-------- Data excerpts

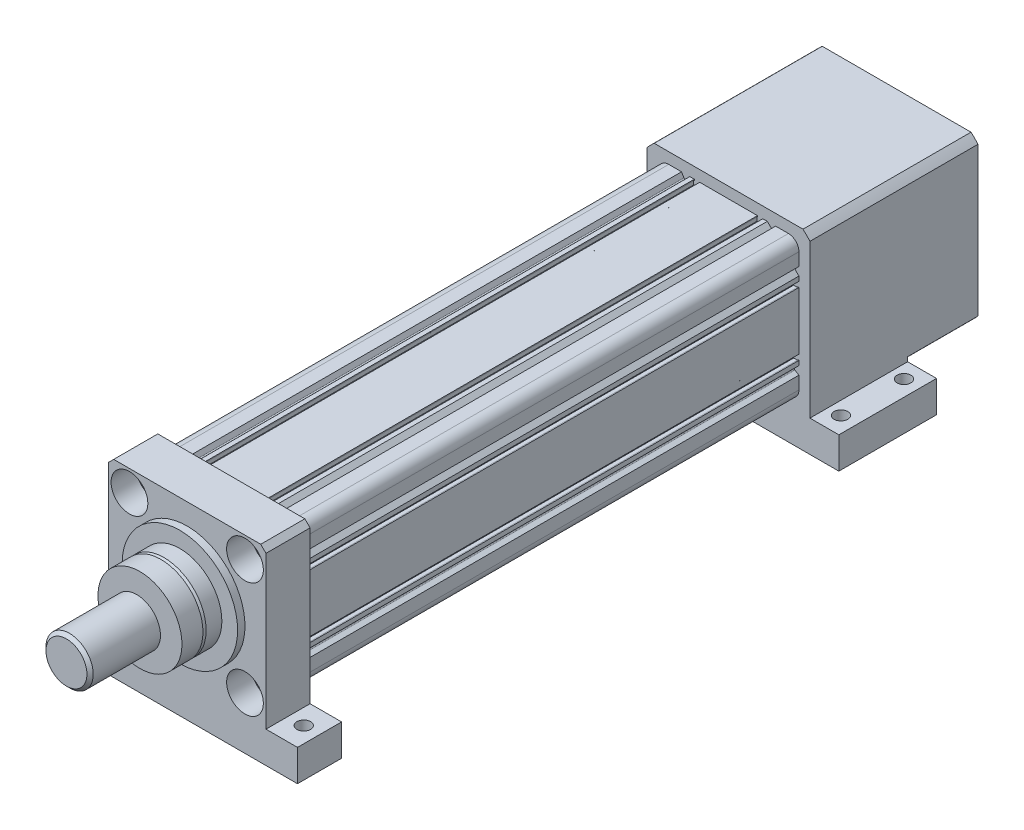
from build123d import *

# Parameters (mm, degrees)
SKETCH_1_R          = 6
EXTRUDE_1_DEPTH     = 473.5
EXTRUDE_1_2_DEPTH   = 42
SKETCH_3_R          = 6.5
SKETCH_3_R_2        = 8.5
CUT_EXTRUDE_1_DEPTH = 42
SKETCH_3_3_R        = 17.5
SKETCH_3_3_R_2      = 8.5
CUT_EXTRUDE_2_DEPTH = 24
SKETCH_3_4_R        = 55
EXTRUDE_2_DEPTH     = 7
SKETCH_4_R          = 40
EXTRUDE_3_DEPTH     = 18
CHAMFER_1_SIZE      = 3
CHAMFER_1_SIZE2     = 1.091910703
SKETCH_5_R          = 40
EXTRUDE_4_DEPTH     = 20
SKETCH_6_R          = 16.5
EXTRUDE_5_DEPTH     = 3
SKETCH_7_R          = 22.5
EXTRUDE_6_DEPTH     = 67
FILLET_1_R          = 1
CHAMFER_2_SIZE      = 3
EXTRUDE_7_DEPTH     = 93
EXTRUDE_8_DEPTH     = 67
SKETCH_10_R         = 65
CUT_EXTRUDE_3_DEPTH = 19
SKETCH_11_R         = 47
CUT_EXTRUDE_4_DEPTH = 47
EXTRUDE_START       = -2.5
SKETCH_12_W         = 210
SKETCH_12_H         = 93
SKETCH_12_R         = 6.5
SKETCH_12_H_2       = 42
EXTRUDE_9_DEPTH     = 30
SKETCH_12_3_W       = 210
SKETCH_12_3_H       = 93
SKETCH_12_3_R       = 6.5
SKETCH_12_3_H_2     = 42
EXTRUDE_10_DEPTH    = 2.5


with BuildPart() as part:
    # Sketch 1 → Extrude 1 (new body)
    with BuildSketch(Plane.XY):
        with BuildLine():
            Line((57, 67), (44.8, 67))
            Line((44.8, 67), (42.56486134, 63.12862628))
            ThreePointArc((42.56486134, 63.12862628), (41.829362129, 62.637181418), (40.991729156, 62.921519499))
            Line((40.991729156, 62.921519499), (36.913248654, 67))
            Line((36.913248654, 67), (32.6, 67))
            Line((32.6, 67), (32.6, 66.1))
            Line((32.6, 66.1), (33.2, 65.5))
            Line((33.2, 65.5), (33.2, 62))
            Line((33.2, 62), (26.9, 62))
            Line((26.9, 62), (26.9, 65.5))
            Line((26.9, 65.5), (27.5, 66.1))
            Line((27.5, 66.1), (27.5, 67))
            Line((27.5, 67), (0, 67))
            Line((0, 67), (-27.5, 67))
            Line((-27.5, 67), (-27.5, 66.1))
            Line((-27.5, 66.1), (-26.9, 65.5))
            Line((-26.9, 65.5), (-26.9, 62))
            Line((-26.9, 62), (-33.2, 62))
            Line((-33.2, 62), (-33.2, 65.5))
            Line((-33.2, 65.5), (-32.6, 66.1))
            Line((-32.6, 66.1), (-32.6, 67))
            Line((-32.6, 67), (-36.913248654, 67))
            Line((-36.913248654, 67), (-40.991729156, 62.921519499))
            ThreePointArc((-40.991729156, 62.921519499), (-41.829362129, 62.637181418), (-42.56486134, 63.12862628))
            Line((-42.56486134, 63.12862628), (-44.8, 67))
            Line((-44.8, 67), (-57, 67))
            ThreePointArc((-57, 67), (-64.071067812, 64.071067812), (-67, 57))
            Line((-67, 57), (-67, 44.8))
            Line((-67, 44.8), (-63.12862628, 42.56486134))
            ThreePointArc((-63.12862628, 42.56486134), (-62.637181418, 41.829362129), (-62.921519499, 40.991729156))
            Line((-62.921519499, 40.991729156), (-67, 36.913248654))
            Line((-67, 36.913248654), (-67, 32.6))
            Line((-67, 32.6), (-66.1, 32.6))
            Line((-66.1, 32.6), (-65.5, 33.2))
            Line((-65.5, 33.2), (-62, 33.2))
            Line((-62, 33.2), (-62, 26.9))
            Line((-62, 26.9), (-65.5, 26.9))
            Line((-65.5, 26.9), (-66.1, 27.5))
            Line((-66.1, 27.5), (-67, 27.5))
            Line((-67, 27.5), (-67, 0))
            Line((-67, 0), (-67, -27.5))
            Line((-67, -27.5), (-66.1, -27.5))
            Line((-66.1, -27.5), (-65.5, -26.9))
            Line((-65.5, -26.9), (-62, -26.9))
            Line((-62, -26.9), (-62, -33.2))
            Line((-62, -33.2), (-65.5, -33.2))
            Line((-65.5, -33.2), (-66.1, -32.6))
            Line((-66.1, -32.6), (-67, -32.6))
            Line((-67, -32.6), (-67, -36.913248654))
            Line((-67, -36.913248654), (-62.921519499, -40.991729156))
            ThreePointArc((-62.921519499, -40.991729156), (-62.637181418, -41.829362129), (-63.12862628, -42.56486134))
            Line((-63.12862628, -42.56486134), (-67, -44.8))
            Line((-67, -44.8), (-67, -57))
            ThreePointArc((-67, -57), (-64.071067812, -64.071067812), (-57, -67))
            Line((-57, -67), (-44.8, -67))
            Line((-44.8, -67), (-42.56486134, -63.12862628))
            ThreePointArc((-42.56486134, -63.12862628), (-41.829362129, -62.637181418), (-40.991729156, -62.921519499))
            Line((-40.991729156, -62.921519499), (-36.913248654, -67))
            Line((-36.913248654, -67), (36.913248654, -67))
            Line((36.913248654, -67), (40.991729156, -62.921519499))
            ThreePointArc((40.991729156, -62.921519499), (41.829362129, -62.637181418), (42.56486134, -63.12862628))
            Line((42.56486134, -63.12862628), (44.8, -67))
            Line((44.8, -67), (57, -67))
            ThreePointArc((57, -67), (64.071067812, -64.071067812), (67, -57))
            Line((67, -57), (67, -44.8))
            Line((67, -44.8), (63.12862628, -42.56486134))
            ThreePointArc((63.12862628, -42.56486134), (62.637181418, -41.829362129), (62.921519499, -40.991729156))
            Line((62.921519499, -40.991729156), (67, -36.913248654))
            Line((67, -36.913248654), (67, -32.6))
            Line((67, -32.6), (66.1, -32.6))
            Line((66.1, -32.6), (65.5, -33.2))
            Line((65.5, -33.2), (62, -33.2))
            Line((62, -33.2), (62, -26.9))
            Line((62, -26.9), (65.5, -26.9))
            Line((65.5, -26.9), (66.1, -27.5))
            Line((66.1, -27.5), (67, -27.5))
            Line((67, -27.5), (67, 0))
            Line((67, 0), (67, 27.5))
            Line((67, 27.5), (66.1, 27.5))
            Line((66.1, 27.5), (65.5, 26.9))
            Line((65.5, 26.9), (62, 26.9))
            Line((62, 26.9), (62, 33.2))
            Line((62, 33.2), (65.5, 33.2))
            Line((65.5, 33.2), (66.1, 32.6))
            Line((66.1, 32.6), (67, 32.6))
            Line((67, 32.6), (67, 36.913248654))
            Line((67, 36.913248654), (62.921519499, 40.991729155))
            ThreePointArc((62.921519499, 40.991729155), (62.637181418, 41.829362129), (63.12862628, 42.56486134))
            Line((63.12862628, 42.56486134), (67, 44.8))
            Line((67, 44.8), (67, 57))
            ThreePointArc((67, 57), (64.071067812, 64.071067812), (57, 67))
        make_face()
        with Locations((-55, 55)):
            Circle(SKETCH_1_R, mode=Mode.SUBTRACT)
        with Locations((55, 55)):
            Circle(SKETCH_1_R, mode=Mode.SUBTRACT)
        with Locations((-55, -55)):
            Circle(SKETCH_1_R, mode=Mode.SUBTRACT)
        with Locations((55, -55)):
            Circle(SKETCH_1_R, mode=Mode.SUBTRACT)
        with BuildLine():
            Line((41.774779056, 51.785063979), (43.601329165, 54.94874157))
            ThreePointArc((43.601329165, 54.94874157), (43.701229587, 55.707560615), (43.235303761, 56.314766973))
            Line((43.235303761, 56.314766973), (39.616756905, 58.403935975))
            ThreePointArc((39.616756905, 58.403935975), (39.337726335, 58.513191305), (39.038853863, 58.534871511))
            Line((39.038853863, 58.534871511), (35.747329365, 58.277670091))
            ThreePointArc((35.747329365, 58.277670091), (35.481311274, 58.1068038), (35.28193171, 57.86142918))
            Line((35.28193171, 57.86142918), (34.274000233, 56.115640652))
            ThreePointArc((34.274000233, 56.115640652), (34.174099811, 55.356821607), (34.640025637, 54.749615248))
            Line((34.640025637, 54.749615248), (40.408753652, 51.419038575))
            ThreePointArc((40.408753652, 51.419038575), (41.167572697, 51.319138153), (41.774779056, 51.785063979))
        make_face(mode=Mode.SUBTRACT)
        with BuildLine():
            Line((51.785063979, 41.774779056), (54.94874157, 43.601329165))
            ThreePointArc((54.94874157, 43.601329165), (55.707560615, 43.701229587), (56.314766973, 43.235303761))
            Line((56.314766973, 43.235303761), (58.403935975, 39.616756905))
            ThreePointArc((58.403935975, 39.616756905), (58.513191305, 39.337726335), (58.534871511, 39.038853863))
            Line((58.534871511, 39.038853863), (58.277670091, 35.747329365))
            ThreePointArc((58.277670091, 35.747329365), (58.1068038, 35.481311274), (57.86142918, 35.28193171))
            Line((57.86142918, 35.28193171), (56.115640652, 34.274000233))
            ThreePointArc((56.115640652, 34.274000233), (55.356821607, 34.174099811), (54.749615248, 34.640025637))
            Line((54.749615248, 34.640025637), (51.419038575, 40.408753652))
            ThreePointArc((51.419038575, 40.408753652), (51.319138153, 41.167572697), (51.785063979, 41.774779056))
        make_face(mode=Mode.SUBTRACT)
        with BuildLine():
            Line((-57.86142918, 35.28193171), (-56.115640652, 34.274000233))
            ThreePointArc((-56.115640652, 34.274000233), (-55.356821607, 34.174099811), (-54.749615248, 34.640025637))
            Line((-54.749615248, 34.640025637), (-51.419038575, 40.408753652))
            ThreePointArc((-51.419038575, 40.408753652), (-51.319138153, 41.167572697), (-51.785063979, 41.774779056))
            Line((-51.785063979, 41.774779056), (-54.94874157, 43.601329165))
            ThreePointArc((-54.94874157, 43.601329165), (-55.707560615, 43.701229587), (-56.314766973, 43.235303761))
            Line((-56.314766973, 43.235303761), (-58.403935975, 39.616756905))
            ThreePointArc((-58.403935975, 39.616756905), (-58.513191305, 39.337726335), (-58.534871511, 39.038853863))
            Line((-58.534871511, 39.038853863), (-58.277670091, 35.747329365))
            ThreePointArc((-58.277670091, 35.747329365), (-58.1068038, 35.481311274), (-57.86142918, 35.28193171))
        make_face(mode=Mode.SUBTRACT)
        with BuildLine():
            Line((-33.360371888, -64.600232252), (-19.423193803, -64.600232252))
            ThreePointArc((-19.423193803, -64.600232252), (-18.434155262, -63.747889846), (-19.1311157, -62.643837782))
            ThreePointArc((-19.1311157, -62.643837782), (-26.690004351, -59.815496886), (-33.843674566, -56.079012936))
            ThreePointArc((-33.843674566, -56.079012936), (-34.851952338, -56.064348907), (-35.360371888, -56.935181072))
            Line((-35.360371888, -56.935181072), (-35.360371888, -62.600232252))
            Line((-35.360371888, -62.600232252), (-33.360371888, -64.600232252))
        make_face(mode=Mode.SUBTRACT)
        with BuildLine():
            Line((35.360371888, -62.600232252), (33.360371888, -64.600232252))
            Line((33.360371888, -64.600232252), (19.423193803, -64.600232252))
            ThreePointArc((19.423193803, -64.600232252), (18.434155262, -63.747889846), (19.1311157, -62.643837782))
            ThreePointArc((19.1311157, -62.643837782), (26.690004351, -59.815496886), (33.843674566, -56.079012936))
            ThreePointArc((33.843674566, -56.079012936), (34.851952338, -56.064348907), (35.360371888, -56.935181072))
            Line((35.360371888, -56.935181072), (35.360371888, -62.600232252))
        make_face(mode=Mode.SUBTRACT)
        with BuildLine():
            Line((51.785063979, -41.774779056), (54.94874157, -43.601329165))
            ThreePointArc((54.94874157, -43.601329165), (55.707560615, -43.701229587), (56.314766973, -43.235303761))
            Line((56.314766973, -43.235303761), (58.403935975, -39.616756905))
            ThreePointArc((58.403935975, -39.616756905), (58.513191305, -39.337726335), (58.534871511, -39.038853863))
            Line((58.534871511, -39.038853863), (58.277670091, -35.747329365))
            ThreePointArc((58.277670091, -35.747329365), (58.1068038, -35.481311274), (57.86142918, -35.28193171))
            Line((57.86142918, -35.28193171), (56.115640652, -34.274000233))
            ThreePointArc((56.115640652, -34.274000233), (55.356821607, -34.174099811), (54.749615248, -34.640025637))
            Line((54.749615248, -34.640025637), (51.419038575, -40.408753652))
            ThreePointArc((51.419038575, -40.408753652), (51.319138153, -41.167572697), (51.785063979, -41.774779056))
        make_face(mode=Mode.SUBTRACT)
        with BuildLine():
            Line((-57.86142918, -35.28193171), (-56.115640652, -34.274000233))
            ThreePointArc((-56.115640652, -34.274000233), (-55.356821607, -34.174099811), (-54.749615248, -34.640025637))
            Line((-54.749615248, -34.640025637), (-51.419038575, -40.408753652))
            ThreePointArc((-51.419038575, -40.408753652), (-51.319138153, -41.167572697), (-51.785063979, -41.774779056))
            Line((-51.785063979, -41.774779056), (-54.94874157, -43.601329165))
            ThreePointArc((-54.94874157, -43.601329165), (-55.707560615, -43.701229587), (-56.314766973, -43.235303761))
            Line((-56.314766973, -43.235303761), (-58.403935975, -39.616756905))
            ThreePointArc((-58.403935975, -39.616756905), (-58.513191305, -39.337726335), (-58.534871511, -39.038853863))
            Line((-58.534871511, -39.038853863), (-58.277670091, -35.747329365))
            ThreePointArc((-58.277670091, -35.747329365), (-58.1068038, -35.481311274), (-57.86142918, -35.28193171))
        make_face(mode=Mode.SUBTRACT)
        with BuildLine():
            Line((-41.774779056, 51.785063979), (-43.601329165, 54.94874157))
            ThreePointArc((-43.601329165, 54.94874157), (-43.701229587, 55.707560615), (-43.235303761, 56.314766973))
            Line((-43.235303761, 56.314766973), (-39.616756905, 58.403935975))
            ThreePointArc((-39.616756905, 58.403935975), (-39.337726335, 58.513191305), (-39.038853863, 58.534871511))
            Line((-39.038853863, 58.534871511), (-35.747329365, 58.277670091))
            ThreePointArc((-35.747329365, 58.277670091), (-35.481311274, 58.1068038), (-35.28193171, 57.86142918))
            Line((-35.28193171, 57.86142918), (-34.274000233, 56.115640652))
            ThreePointArc((-34.274000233, 56.115640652), (-34.174099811, 55.356821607), (-34.640025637, 54.749615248))
            Line((-34.640025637, 54.749615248), (-40.408753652, 51.419038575))
            ThreePointArc((-40.408753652, 51.419038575), (-41.167572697, 51.319138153), (-41.774779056, 51.785063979))
        make_face(mode=Mode.SUBTRACT)
        with BuildLine():
            ThreePointArc((62.5, 0), (0, 62.5), (-62.5, 0))
            ThreePointArc((-62.5, 0), (0, -62.5), (62.5, 0))
        make_face(mode=Mode.SUBTRACT)
    extrude(amount=EXTRUDE_1_DEPTH)

    # Sketch 2 → Extrude 1 2 (add)
    with BuildSketch(Plane.XY.offset(473.5)):
        Polygon((-75, 70), (-70, 75), (70, 75), (75, 70), (75, -70), (75, -75), (70, -75), (-70, -75), (-75, -75), (-75, -70), align=None)
    extrude(amount=EXTRUDE_1_2_DEPTH)

    # Sketch 3 → Cut-Extrude 1 (cut)
    with BuildSketch(Plane.XY.offset(515.5)):
        with Locations((-85, 20)):
            Circle(SKETCH_3_R)
        with Locations((-85, -20)):
            Circle(SKETCH_3_R)
        with Locations((-85, -60)):
            Circle(SKETCH_3_R)
        with Locations((-55, -55)):
            Circle(SKETCH_3_R_2)
        with Locations((-55, 55)):
            Circle(SKETCH_3_R_2)
        with Locations((55, 55)):
            Circle(SKETCH_3_R_2)
        with Locations((85, 60)):
            Circle(SKETCH_3_R)
        with Locations((85, 20)):
            Circle(SKETCH_3_R)
        with Locations((85, -20)):
            Circle(SKETCH_3_R)
        with Locations((85, -60)):
            Circle(SKETCH_3_R)
        with Locations((55, -55)):
            Circle(SKETCH_3_R_2)
        with Locations((-85, 60)):
            Circle(SKETCH_3_R)
    extrude(amount=-CUT_EXTRUDE_1_DEPTH, mode=Mode.SUBTRACT)

    # Sketch 3_3 → Cut-Extrude 2 (cut)
    # profile 1 of 4: a face of its own
    with BuildSketch(Plane.XY.offset(515.5)):
        with Locations((55, 55)):
            Circle(SKETCH_3_3_R)
        with Locations((55, 55)):
            Circle(SKETCH_3_3_R_2, mode=Mode.SUBTRACT)
    # profile 2 of 4: a face of its own
    with BuildSketch(Plane.XY.offset(515.5)):
        with Locations((55, -55)):
            Circle(SKETCH_3_3_R)
        with Locations((55, -55)):
            Circle(SKETCH_3_3_R_2, mode=Mode.SUBTRACT)
    # profile 3 of 4: a face of its own
    with BuildSketch(Plane.XY.offset(515.5)):
        with Locations((-55, -55)):
            Circle(SKETCH_3_3_R)
        with Locations((-55, -55)):
            Circle(SKETCH_3_3_R_2, mode=Mode.SUBTRACT)
    # profile 4 of 4: a face of its own
    with BuildSketch(Plane.XY.offset(515.5)):
        with Locations((-55, 55)):
            Circle(SKETCH_3_3_R)
    extrude(amount=-CUT_EXTRUDE_2_DEPTH, mode=Mode.SUBTRACT)

    # Sketch 3_4 → Extrude 2 (add)
    with BuildSketch(Plane.XY.offset(515.5)):
        with Locations(Location((0, 0, 0), (0, 0, 180))):
            Circle(SKETCH_3_4_R)
    extrude(amount=EXTRUDE_2_DEPTH)

    # Sketch 4 → Extrude 3 (add)
    with BuildSketch(Plane.XY.offset(522.5)):
        Circle(SKETCH_4_R)
    extrude(amount=EXTRUDE_3_DEPTH)

    # Chamfer 1
    chamfer_1_edges = [part.edges().sort_by_distance(p)[0] for p in [
        (-40, 0, 540.5),
    ]]
    chamfer_1_side = [part.faces().sort_by_distance(p)[0] for p in [
        (-40, 0, 531.5),
    ]]
    chamfer(chamfer_1_edges, length=CHAMFER_1_SIZE, length2=CHAMFER_1_SIZE2, reference=chamfer_1_side[0])

    # Sketch 5 → Extrude 4 (add)
    with BuildSketch(Plane.XY.offset(540.5)):
        Circle(SKETCH_5_R)
    extrude(amount=EXTRUDE_4_DEPTH)

    # Sketch 6 → Extrude 5 (add)
    with BuildSketch(Plane.XY.offset(560.5)):
        Circle(SKETCH_6_R)
    extrude(amount=EXTRUDE_5_DEPTH)

    # Sketch 7 → Extrude 6 (add)
    with BuildSketch(Plane.XY.offset(563.5)):
        Circle(SKETCH_7_R)
    extrude(amount=EXTRUDE_6_DEPTH)

    # Fillet 1
    fillet_1_edges = [part.edges().sort_by_distance(p)[0] for p in [
        (-16.5, 0, 560.5),
    ]]
    fillet(fillet_1_edges, radius=FILLET_1_R)

    # Chamfer 2
    chamfer_2_edges = [part.edges().sort_by_distance(p)[0] for p in [
        (-22.5, 0, 630.5),
    ]]
    chamfer(chamfer_2_edges, length=CHAMFER_2_SIZE)

    # Sketch 8 → Extrude 7 (add)
    with BuildSketch(Plane(origin=(0, 0, 0), x_dir=(-1, 0, 0), z_dir=(0, 0, -1))):
        with BuildLine():
            Line((77.5, -70.843136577), (77.5, -77.5))
            Line((77.5, -77.5), (70.843136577, -77.5))
            Line((70.843136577, -77.5), (-70.843136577, -77.5))
            Line((-70.843136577, -77.5), (-77.5, -77.5))
            Line((-77.5, -77.5), (-77.5, -70.843136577))
            Line((-77.5, -70.843136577), (-77.5, 70.843136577))
            ThreePointArc((-77.5, 70.843136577), (-74.246212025, 74.246212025), (-70.843136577, 77.5))
            Line((-70.843136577, 77.5), (70.843136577, 77.5))
            ThreePointArc((70.843136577, 77.5), (74.246212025, 74.246212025), (77.5, 70.843136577))
            Line((77.5, 70.843136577), (77.5, -70.843136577))
        make_face()
    extrude(amount=EXTRUDE_7_DEPTH)

    # Sketch 12 → Extrude 9 (add)
    # profile 1 of 2: a face of its own
    with BuildSketch(Plane.XZ.offset(77.5).offset(EXTRUDE_START)):
        with Locations((0, -46.5)):
            Rectangle(SKETCH_12_W, SKETCH_12_H)
        with Locations(Location((-90, -77, 0), (0, 0, 270))):
            Circle(SKETCH_12_R, mode=Mode.SUBTRACT)
        with Locations(Location((90, -77, 0), (0, 0, 270))):
            Circle(SKETCH_12_R, mode=Mode.SUBTRACT)
        with Locations(Location((-90, -17, 0), (0, 0, 270))):
            Circle(SKETCH_12_R, mode=Mode.SUBTRACT)
        with Locations(Location((90, -17, 0), (0, 0, 270))):
            Circle(SKETCH_12_R, mode=Mode.SUBTRACT)
    # profile 2 of 2: a face of its own
    with BuildSketch(Plane.XZ.offset(77.5).offset(EXTRUDE_START)):
        with Locations((0, 494.5)):
            Rectangle(SKETCH_12_W, SKETCH_12_H_2)
        with Locations(Location((-90, 494.5, 0), (0, 0, 270))):
            Circle(SKETCH_12_R, mode=Mode.SUBTRACT)
        with Locations(Location((90, 494.5, 0), (0, 0, 270))):
            Circle(SKETCH_12_R, mode=Mode.SUBTRACT)
    extrude(amount=EXTRUDE_9_DEPTH)



with BuildPart() as body_2:
    # Sketch 9 → Extrude 8 (new body)
    with BuildSketch(Plane(origin=(0, 0, -93), x_dir=(-1, 0, 0), z_dir=(0, 0, -1))):
        with BuildLine():
            Line((-70.843136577, 77.5), (70.843136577, 77.5))
            ThreePointArc((70.843136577, 77.5), (74.246212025, 74.246212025), (77.5, 70.843136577))
            Line((77.5, 70.843136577), (77.5, -70.843136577))
            ThreePointArc((77.5, -70.843136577), (74.246212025, -74.246212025), (70.843136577, -77.5))
            Line((70.843136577, -77.5), (-70.843136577, -77.5))
            ThreePointArc((-70.843136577, -77.5), (-74.246212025, -74.246212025), (-77.5, -70.843136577))
            Line((-77.5, -70.843136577), (-77.5, 70.843136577))
            ThreePointArc((-77.5, 70.843136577), (-74.246212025, 74.246212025), (-70.843136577, 77.5))
        make_face()
    extrude(amount=EXTRUDE_8_DEPTH)

    # Sketch 10 → Cut-Extrude 3 (cut)
    with BuildSketch(Plane(origin=(0, 0, -160), x_dir=(-1, 0, 0), z_dir=(0, 0, -1))):
        Circle(SKETCH_10_R)
    extrude(amount=-CUT_EXTRUDE_3_DEPTH, mode=Mode.SUBTRACT)

    # Sketch 11 → Cut-Extrude 4 (cut)
    with BuildSketch(Plane(origin=(0, 0, -141), x_dir=(-1, 0, 0), z_dir=(0, 0, -1))):
        Circle(SKETCH_11_R)
    extrude(amount=-CUT_EXTRUDE_4_DEPTH, mode=Mode.SUBTRACT)


with BuildPart() as part_1:
    add(part.part)

    add(body_2.part)  # Extrude 10 merges body 2
    # Sketch 12_3 → Extrude 10 (add)
    # profile 1 of 2: a face of its own
    with BuildSketch(Plane.XZ.offset(77.5).offset(EXTRUDE_START)):
        with Locations((0, -46.5)):
            Rectangle(SKETCH_12_3_W, SKETCH_12_3_H)
        with Locations(Location((-90, -77, 0), (0, 0, 270))):
            Circle(SKETCH_12_3_R, mode=Mode.SUBTRACT)
        with Locations(Location((90, -77, 0), (0, 0, 270))):
            Circle(SKETCH_12_3_R, mode=Mode.SUBTRACT)
        with Locations(Location((-90, -17, 0), (0, 0, 270))):
            Circle(SKETCH_12_3_R, mode=Mode.SUBTRACT)
        with Locations(Location((90, -17, 0), (0, 0, 270))):
            Circle(SKETCH_12_3_R, mode=Mode.SUBTRACT)
    # profile 2 of 2: a face of its own
    with BuildSketch(Plane.XZ.offset(77.5).offset(EXTRUDE_START)):
        with Locations((0, 494.5)):
            Rectangle(SKETCH_12_3_W, SKETCH_12_3_H_2)
        with Locations(Location((-90, 494.5, 0), (0, 0, 270))):
            Circle(SKETCH_12_3_R, mode=Mode.SUBTRACT)
        with Locations(Location((90, 494.5, 0), (0, 0, 270))):
            Circle(SKETCH_12_3_R, mode=Mode.SUBTRACT)
    extrude(amount=EXTRUDE_10_DEPTH)


solid = part_1.part

----------------

» **Task**
Output exactly one stretch of the listing: from the line containing "Line((-65.5, 26.9), (-66.1, 27.5))" through the line containing "Line((-66.1, -27.5), (-65.5, -26.9))", both end lines included.

» **Finished task**
            Line((-65.5, 26.9), (-66.1, 27.5))
            Line((-66.1, 27.5), (-67, 27.5))
            Line((-67, 27.5), (-67, 0))
            Line((-67, 0), (-67, -27.5))
            Line((-67, -27.5), (-66.1, -27.5))
            Line((-66.1, -27.5), (-65.5, -26.9))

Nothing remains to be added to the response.